- Opening Delimiter -

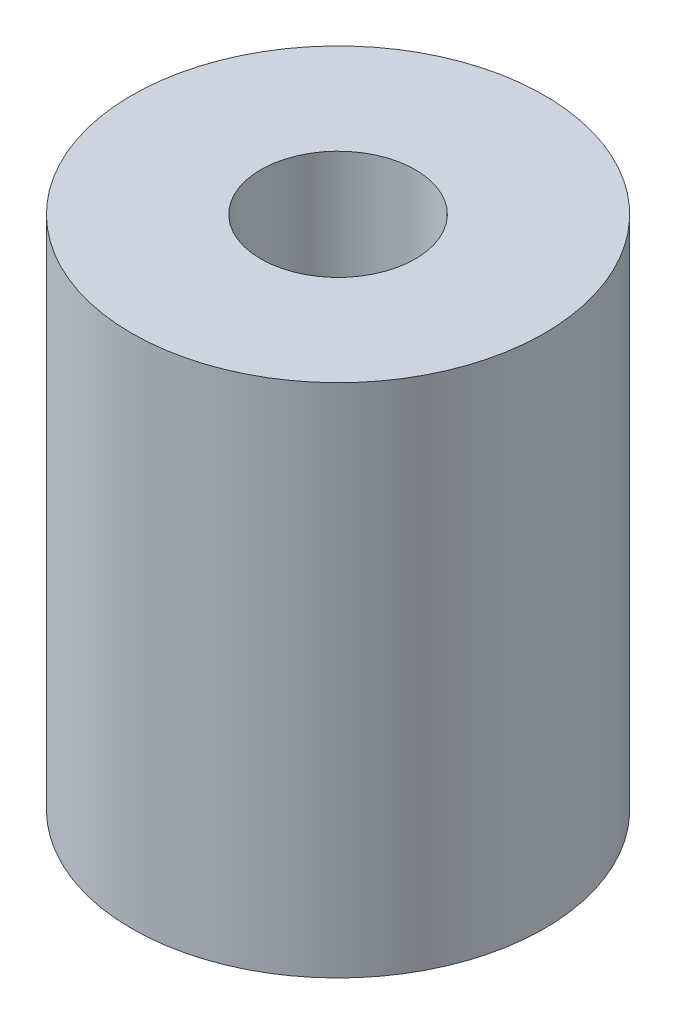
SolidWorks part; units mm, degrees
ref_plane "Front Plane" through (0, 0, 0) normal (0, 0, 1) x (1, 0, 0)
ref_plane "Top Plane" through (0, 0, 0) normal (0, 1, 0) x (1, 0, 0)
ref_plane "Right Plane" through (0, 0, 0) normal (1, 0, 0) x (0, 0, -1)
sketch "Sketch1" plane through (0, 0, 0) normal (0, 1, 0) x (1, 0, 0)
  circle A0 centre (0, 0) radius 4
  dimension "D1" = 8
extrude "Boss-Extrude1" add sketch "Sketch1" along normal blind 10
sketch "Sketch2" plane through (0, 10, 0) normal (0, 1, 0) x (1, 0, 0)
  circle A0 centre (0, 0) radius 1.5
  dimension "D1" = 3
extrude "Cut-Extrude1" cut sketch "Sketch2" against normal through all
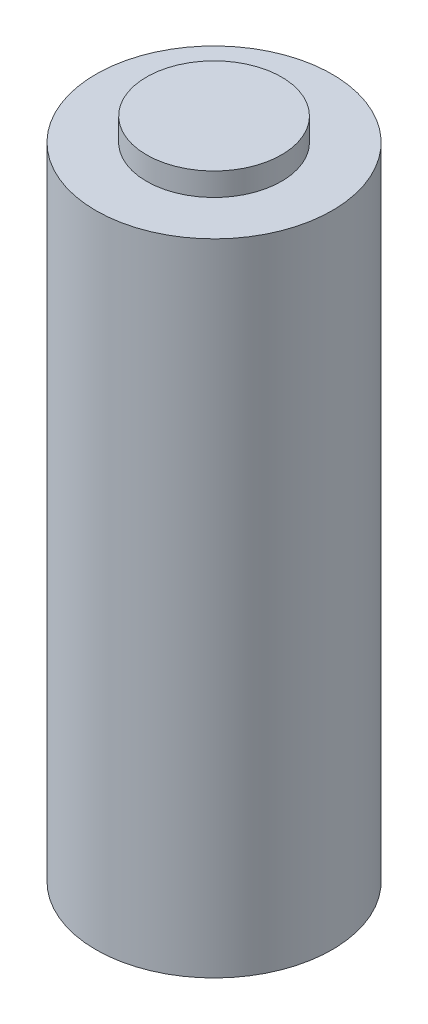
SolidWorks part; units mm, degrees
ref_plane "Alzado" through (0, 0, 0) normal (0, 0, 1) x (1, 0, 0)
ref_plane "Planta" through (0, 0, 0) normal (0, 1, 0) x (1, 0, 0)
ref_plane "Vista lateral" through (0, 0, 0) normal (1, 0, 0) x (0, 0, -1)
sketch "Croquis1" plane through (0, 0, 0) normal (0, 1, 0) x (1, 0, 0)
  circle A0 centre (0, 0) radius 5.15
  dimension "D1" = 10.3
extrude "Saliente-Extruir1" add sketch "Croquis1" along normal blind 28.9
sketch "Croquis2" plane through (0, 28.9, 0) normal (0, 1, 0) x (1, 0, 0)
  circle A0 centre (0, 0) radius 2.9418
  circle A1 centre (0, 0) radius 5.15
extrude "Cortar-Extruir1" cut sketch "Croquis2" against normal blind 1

- Closing Delimiter -

Instructions to follow
Repeat every entry above word for word, and include no pictures.

Answer to this exercise
SolidWorks part; units mm, degrees
ref_plane "Front Plane" through (0, 0, 0) normal (0, 0, 1) x (1, 0, 0)
ref_plane "Top Plane" through (0, 0, 0) normal (0, 1, 0) x (1, 0, 0)
ref_plane "Right Plane" through (0, 0, 0) normal (1, 0, 0) x (0, 0, -1)
sketch "Sketch1" plane through (0, 0, 0) normal (0, 1, 0) x (1, 0, 0)
  circle A0 centre (0, 0) radius 4
  dimension "D1" = 8
extrude "Boss-Extrude1" add sketch "Sketch1" along normal blind 10
sketch "Sketch2" plane through (0, 10, 0) normal (0, 1, 0) x (1, 0, 0)
  circle A0 centre (0, 0) radius 1.5
  dimension "D1" = 3
extrude "Cut-Extrude1" cut sketch "Sketch2" against normal through all
SolidWorks part; units mm, degrees
ref_plane "Alzado" through (0, 0, 0) normal (0, 0, 1) x (1, 0, 0)
ref_plane "Planta" through (0, 0, 0) normal (0, 1, 0) x (1, 0, 0)
ref_plane "Vista lateral" through (0, 0, 0) normal (1, 0, 0) x (0, 0, -1)
sketch "Croquis1" plane through (0, 0, 0) normal (0, 1, 0) x (1, 0, 0)
  circle A0 centre (0, 0) radius 5.15
  dimension "D1" = 10.3
extrude "Saliente-Extruir1" add sketch "Croquis1" along normal blind 28.9
sketch "Croquis2" plane through (0, 28.9, 0) normal (0, 1, 0) x (1, 0, 0)
  circle A0 centre (0, 0) radius 2.9418
  circle A1 centre (0, 0) radius 5.15
extrude "Cortar-Extruir1" cut sketch "Croquis2" against normal blind 1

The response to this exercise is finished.